Very Gentle Work de Nate Lavey

Ne vous êtes-vous jamais interrogé sur ce que votre immeuble pourrait vous raconter de son histoire, de ce dont il a pu être témoin, sur les personnes qui ont foulé le même trottoir que vous, utilisé les mêmes transports que vous, en somme, sur l’histoire de votre rue, de votre quartier, de votre ville ? C’est de cette interrogation et d’une rencontre qu’est né Very Gentle Work de Nate Lavey, présenté cette année à la Quinzaine des Cinéastes. En effet, c’est lors d’une cérémonie de Kol Nidrei, une prière qui ouvre l’office religieux de Yom Kippour, que notre narrateur fait la rencontre de Morris, qui va lui faire découvrir l’histoire des luttes politiques inhérentes à New York.

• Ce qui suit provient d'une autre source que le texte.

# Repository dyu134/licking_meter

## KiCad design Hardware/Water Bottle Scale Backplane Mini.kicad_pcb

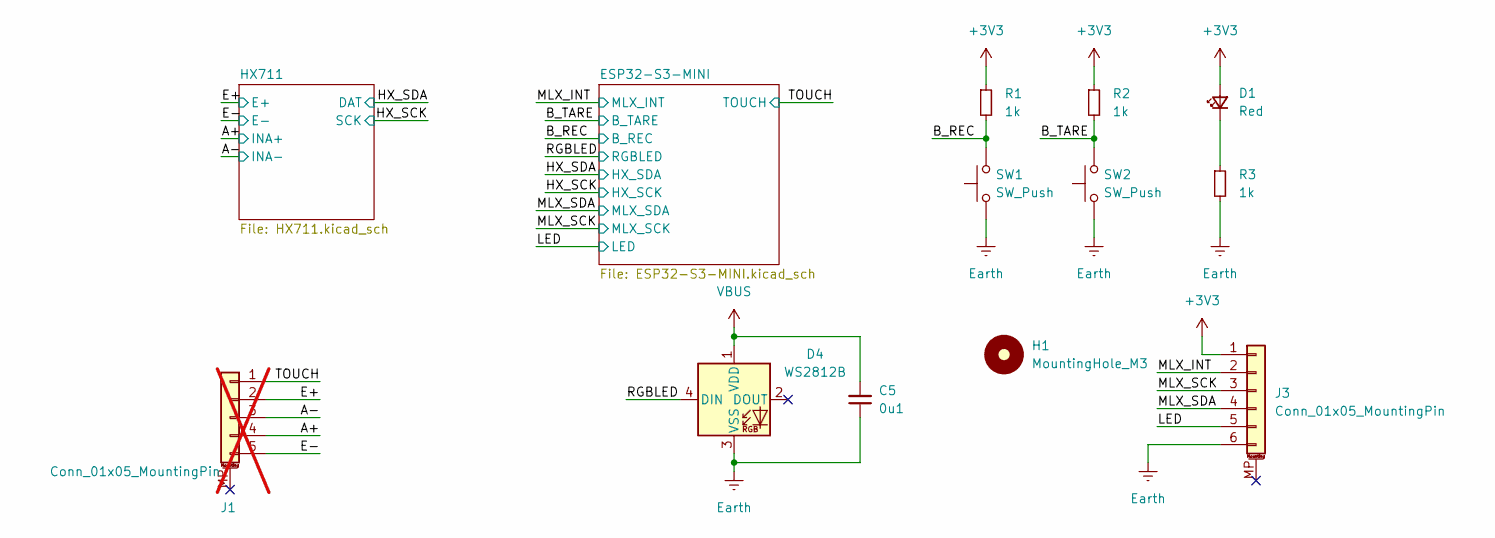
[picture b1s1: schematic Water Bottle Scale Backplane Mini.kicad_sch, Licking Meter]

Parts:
C5: 0u1; C_0402_1005Metric
D1: Red; LED_0603_1608Metric
D4: WS2812B; LED_WS2812B_PLCC4_5.0x5.0mm_P3.2mm
H1: MountingHole_M3; MountingHole_3.2mm_M3
J1: Conn_01x05_MountingPin; Molex_PicoBlade_53261-0571_1x05-1MP_P1.25mm_Horizontal; not fitted
J3: Conn_01x05_MountingPin; AFH34-S06FIA-1H
R1, R2, R3: 1k; R_0402_1005Metric
SW1, SW2: SW_Push; SW_SPST_EVQP7A

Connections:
+3V3: D1.2 (A), J3.1, R1.1, R2.1; also elsewhere on the board
/A+: J1.4; also elsewhere on the board
/A-: J1.3; also elsewhere on the board
/B_REC: R1.2, SW1.2; also elsewhere on the board
/B_TARE: R2.2, SW2.2; also elsewhere on the board
/E+: J1.2; also elsewhere on the board
/LED: J3.5; also elsewhere on the board
/MLX_INT: J3.2; also elsewhere on the board
/MLX_SCK: J3.3; also elsewhere on the board
/MLX_SDA: J3.4; also elsewhere on the board
/RGBLED: D4.4 (DIN); also elsewhere on the board
/TOUCH: J1.1; also elsewhere on the board
Earth: C5.1, D4.3 (VSS), J1.5, J3.6, R3.2, SW1.1, SW2.1; also elsewhere on the board
unnamed: D1.1 (K), R3.1
VBUS: C5.2, D4.1 (VDD); also elsewhere on the board

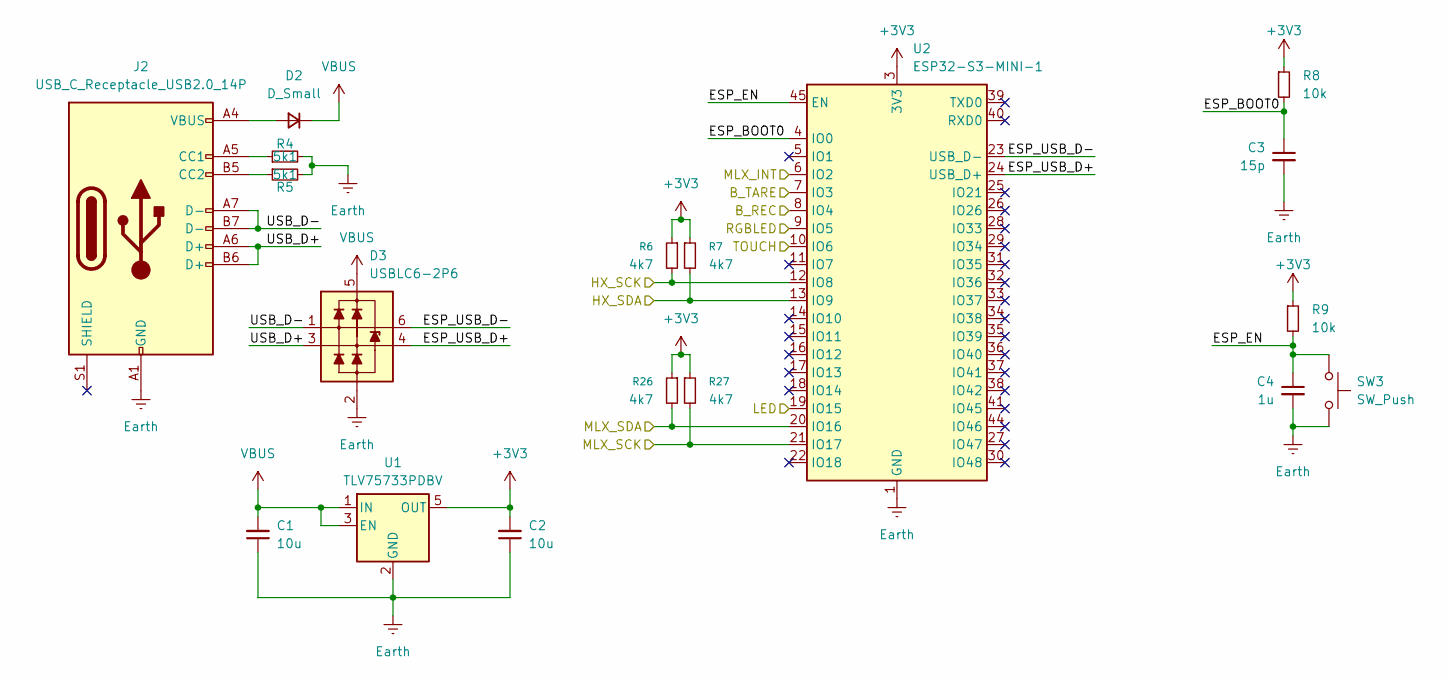
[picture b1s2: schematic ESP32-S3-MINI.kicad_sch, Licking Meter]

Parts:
C1, C2: 10u; C_0402_1005Metric
C3: 15p; C_0402_1005Metric; LCSC Part No. C85891
C4: 1u; C_0402_1005Metric; LCSC Part No. C85891
D2: D_Small; D_SOD-123
D3: USBLC6-2P6; SOT-666
J2: USB_C_Receptacle_USB2.0_14P; USB_C_Receptacle_GCT_USB4105-xx-A_16P_TopMnt_Horizontal
R4, R5: 5k1; R_0402_1005Metric
R6, R7, R26, R27: 4k7; R_0402_1005Metric
R8, R9: 10k; R_0402_1005Metric; LCSC Part No. C106225
SW3: SW_Push; SW_SPST_EVQP7A
U1: TLV75733PDBV; SOT-23-5
U2: ESP32-S3-MINI-1; ESP32-S2-MINI-1

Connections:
+3V3: C2.2, R6.1, R7.1, R8.1, R9.1, R26.1, R27.1, U1.5 (OUT), U2.3 (3V3); also elsewhere on the board
/B_REC: U2.8 (IO4); also elsewhere on the board
/B_TARE: U2.7 (IO3); also elsewhere on the board
/ESP32-S3-MINI/ESP_BOOT0: C3.1, R8.2, U2.4 (IO0)
/ESP32-S3-MINI/ESP_EN: C4.1, R9.2, SW3.1, U2.45 (EN)
/ESP32-S3-MINI/ESP_USB_D+: D3.4 (L2), U2.24 (USB_D+)
/ESP32-S3-MINI/ESP_USB_D-: D3.6 (L1), U2.23 (USB_D-)
/ESP32-S3-MINI/USB_D+: D3.3 (L2), J2.A6 (D+), J2.B6 (D+)
/ESP32-S3-MINI/USB_D-: D3.1 (L1), J2.A7 (D-), J2.B7 (D-)
/HX_SCK: R6.2, U2.12 (IO8); also elsewhere on the board
/HX_SDA: R7.2, U2.13 (IO9); also elsewhere on the board
/LED: U2.19 (IO15); also elsewhere on the board
/MLX_INT: U2.6 (IO2); also elsewhere on the board
/MLX_SCK: R27.2, U2.21 (IO17); also elsewhere on the board
/MLX_SDA: R26.2, U2.20 (IO16); also elsewhere on the board
/RGBLED: U2.9 (IO5); also elsewhere on the board
/TOUCH: U2.10 (IO6); also elsewhere on the board
Earth: C1.1, C2.1, C3.2, C4.2, D3.2 (VN), J2.A1 (GND), J2.A12 (GND), J2.B1 (GND), J2.B12 (GND), R4.2, R5.2, SW3.2, U1.2 (GND), U2.1 (GND), U2.2 (GND), U2.42 (GND), U2.43 (GND), U2.46 (GND), U2.47 (GND), U2.48 (GND), U2.49 (GND), U2.50 (GND), U2.51 (GND), U2.52 (GND), U2.53 (GND), U2.54 (GND), U2.55 (GND), U2.56 (GND), U2.57 (GND), U2.58 (GND), U2.59 (GND), U2.60 (GND), U2.61 (GND), U2.62 (GND), U2.63 (GND), U2.64 (GND), U2.65 (GND); also elsewhere on the board
unnamed: D2.2 (A), J2.A4 (VBUS), J2.A9 (VBUS), J2.B4 (VBUS), J2.B9 (VBUS)
unnamed: J2.A5 (CC1), R4.1
unnamed: J2.B5 (CC2), R5.1
VBUS: C1.2, D2.1 (K), D3.5 (VP), U1.1 (IN), U1.3 (EN); also elsewhere on the board

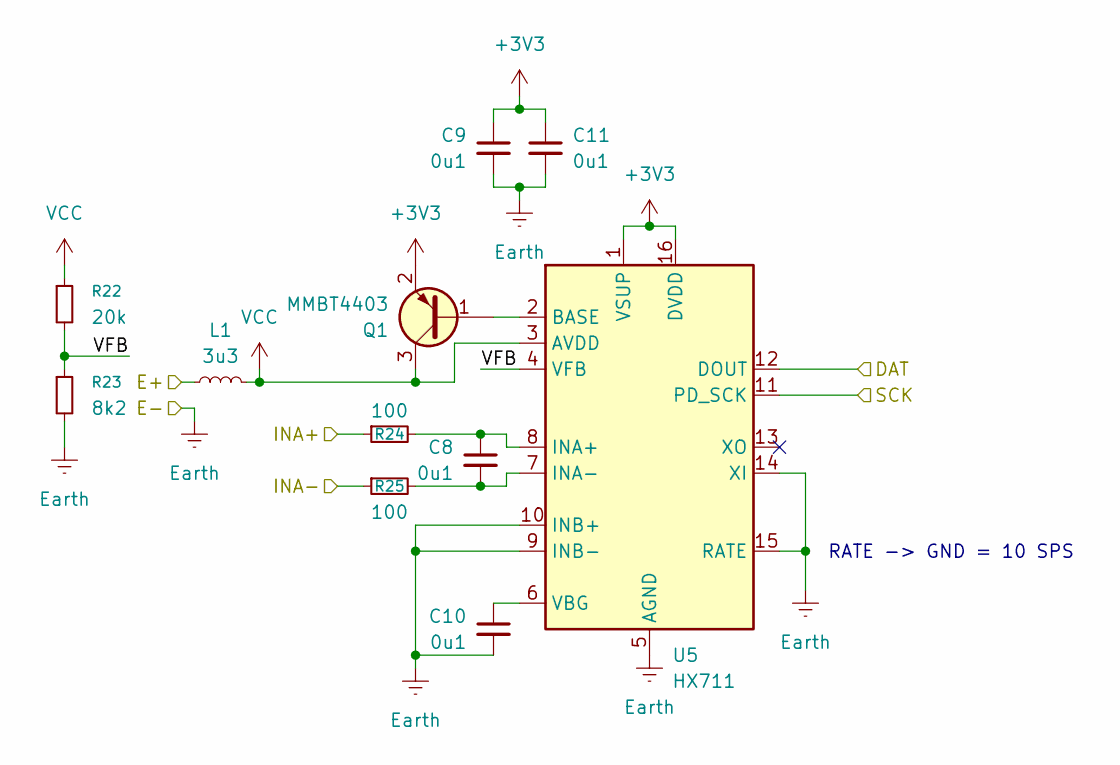
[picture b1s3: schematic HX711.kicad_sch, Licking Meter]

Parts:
C8, C9, C10, C11: 0u1; C_0402_1005Metric
L1: 3u3; L_0402_1005Metric
Q1: MMBT4403; SOT-23
R22: 20k; R_0402_1005Metric
R23: 8k2; R_0402_1005Metric
R24, R25: 100; R_0402_1005Metric
U5: HX711; SOIC-16_3.9x9.9mm_P1.27mm

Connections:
+3V3: C9.1, C11.1, Q1.2 (E), U5.1 (VSUP), U5.16 (DVDD); also elsewhere on the board
/A+: R24.1; also elsewhere on the board
/A-: R25.1; also elsewhere on the board
/E+: L1.1; also elsewhere on the board
/HX711/VFB: R22.2, R23.1, U5.4 (VFB)
/HX_SCK: U5.11 (PD_SCK); also elsewhere on the board
/HX_SDA: U5.12 (DOUT); also elsewhere on the board
Earth: C9.2, C10.2, C11.2, R23.2, U5.5 (AGND), U5.9 (INB-), U5.10 (INB+), U5.14 (XI), U5.15 (RATE); also elsewhere on the board
unnamed: Q1.1 (B), U5.2 (BASE)
unnamed: C8.1, R24.2, U5.8 (INA+)
unnamed: C8.2, R25.2, U5.7 (INA-)
unnamed: C10.1, U5.6 (VBG)
VCC: L1.2, Q1.3 (C), R22.1, U5.3 (AVDD)

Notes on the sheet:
RATE -> GND = 10 SPS

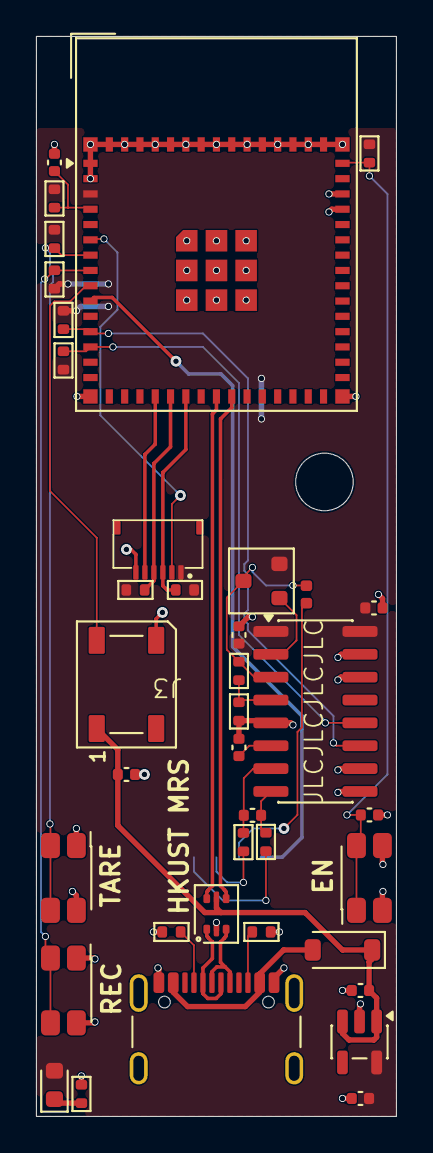
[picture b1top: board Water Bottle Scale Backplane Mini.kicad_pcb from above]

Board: 2 copper layers, 20.0 x 60.0 mm, 40 parts (1 on the bottom side), 32 nets.

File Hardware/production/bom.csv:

Designator,Footprint,Quantity,Value,LCSC Part #
"C1, C2",0402,2,10u,
"C10, C11, C5, C8, C9",0402,5,0u1,
C3,0402,1,15p,C85891
C4,0402,1,1u,C85891
D1,0603,1,Red,
D2,D_SOD-123,1,D_Small,
D3,SOT-666,1,USBLC6-2P6,
D4,LED_WS2812B_PLCC4_5.0x5.0mm_P3.2mm,1,WS2812B,
J2,USB_C_Receptacle_GCT_USB4105-xx-A_16P_TopMnt_Horizontal,1,USB_C_Receptacle_USB2.0_14P,
J3,AFH34-S06FIA-1H,1,Conn_01x05_MountingPin,
L1,0402,1,3u3,
Q1,SOT-23,1,MMBT4403,
"R1, R2, R3",0402,3,1k,
R22,0402,1,20k,
R23,0402,1,8k2,
"R24, R25",0402,2,100,
"R26, R27, R6, R7",0402,4,4k7,
"R4, R5",0402,2,5k1,
"R8, R9",0402,2,10k,C106225
"SW1, SW2, SW3",SW_SPST_EVQP7A,3,SW_Push,
U1,SOT-23-5,1,TLV75733PDBV,
U2,ESP32-S2-MINI-1,1,ESP32-S3-MINI-1,
U5,SOIC-16_3.9x9.9mm_P1.27mm,1,HX711,

Le film se caractérise avant tout comme une errance, une balade dans les quartiers qui symbolisent aux yeux du grand public ce qu’est ou pourrait être New York. Nous errons ainsi, en tant que spectateurs, dans un Manhattan dont la quotidienneté crépusculaire semble s’être figée dans un hiver en attente des premiers flocons de neige. Et cela, nous pouvons le souligner dès son prologue. Dès son premier plan, le film s’attaque à un Manhattan, et plus largement à un New York vide, limite anti-spectaculaire, dont le gigantisme des gratte-ciel est vite échangé avec l’intimité d’un hall d’immeuble. Une déambulation qui, au fur et à mesure, va basculer du côté de l’investigation sur ce qu’il se trouve derrière la coulée de béton, sur la forêt cachée par l’arbre. Le film se révèle ainsi d’une beauté âpre, rêche et dure à appréhender pour le spectateur qui, dès le début du film, est stimulé par plusieurs informations inédites, et cela à travers l’utilisation de la voix off.

Au cœur de ce dispositif se trouve une envie de la part de son auteur Nate Lavey de faire une sorte de cartographie des luttes, et surtout des luttes juives, qui ont façonné le New York que nous connaissons. En se plongeant dans ces archives, le réalisateur se confronte à une diaspora et à la lutte inhérente à cette dernière, cette envie d’autodétermination ou même de vengeance traitée comme un devoir religieux, presque angélique. Une violence qui nous est contée par une voix off et qui laisse place à l’imagination et à notre propre subjectivité en tant que spectateurs face aux exactions des luttes ici portées. La seule violence étant invisible, celle d’une ville en proie à une gentrification qui a mis de côté l’histoire de ces luttes, laissant place à un vide, un vide qui prend toute la place dans le cadre. Ainsi, dans la propreté de Wall Street, il ne reste plus rien de ces luttes, chaque plan essayant de capturer ce vide se révélant comme un deuil, un kaddish en hommage aux fantômes qui restent.

À travers cet objet hybride entre documentaire et fiction, le narrateur effectue son propre « Kol Nidre », sa propre rédemption d’une ville fantôme dont tout est hors-champ. Cela va jusqu’au personnage de Morris, élément déclencheur de l’histoire, qui ne restera jusqu’à la fin qu’un dialogue, rien de plus. Avec une grande fluidité et maîtrise, le film distille des clés d’appréhension de son monde et de ce qui interroge son auteur, Nate Lavey, c’est-à-dire l’histoire autour des monuments qui composent la Grosse Pomme.

Tout ce dispositif relevant du film de fantômes est traité ici avec une maestria dans la simplicité de sa narration. En effet, pendant tout le film, Nate Lavey investit une mise en scène glaciale, immobile, et dont les rapports de grandeur nous sont faussés par l’utilisation de longues focales. Une mise en scène de l’absence qui transfigure son sujet et transforme New York en un espace liminal, en dehors du temps, comme le purgatoire des exactions passées. Un travail qui rappelle l’expérimentation de Chris Marker ou encore l’invention visuelle récente de Kane Pixels avec les backrooms. Une mise en scène qui vire au vertigineux, notamment dans son introduction.

Tout cela est appuyé par un travail du son organique qui participe à notre confusion en tant que spectateurs quant à l’objet que nous observons. Entre musique analogique et voix off numérique, entre documentaire et fiction, nous nous questionnons tellement ce film vient éveiller des questionnements inhérents à la ville de New York et notre rapport à l’histoire qui nous entoure. Une histoire qui s’incarne par l’utilisation de musiques aux sonorités yiddish et en ouvrant son film sur le cantor « Kol Nidre » Ghershon Sirota.

Comme l’a très bien dit Joe Keery dans sa musique « End of Beginning », nous pouvons peut-être quitter une ville, mais cette ville et son histoire ne nous quittent jamais. Comme Very Gentle Work qui nous prend au corps et nous laisse a la fin avec un vague à l’âme qui nous renvoie a l’œuvre de T.S Eliot.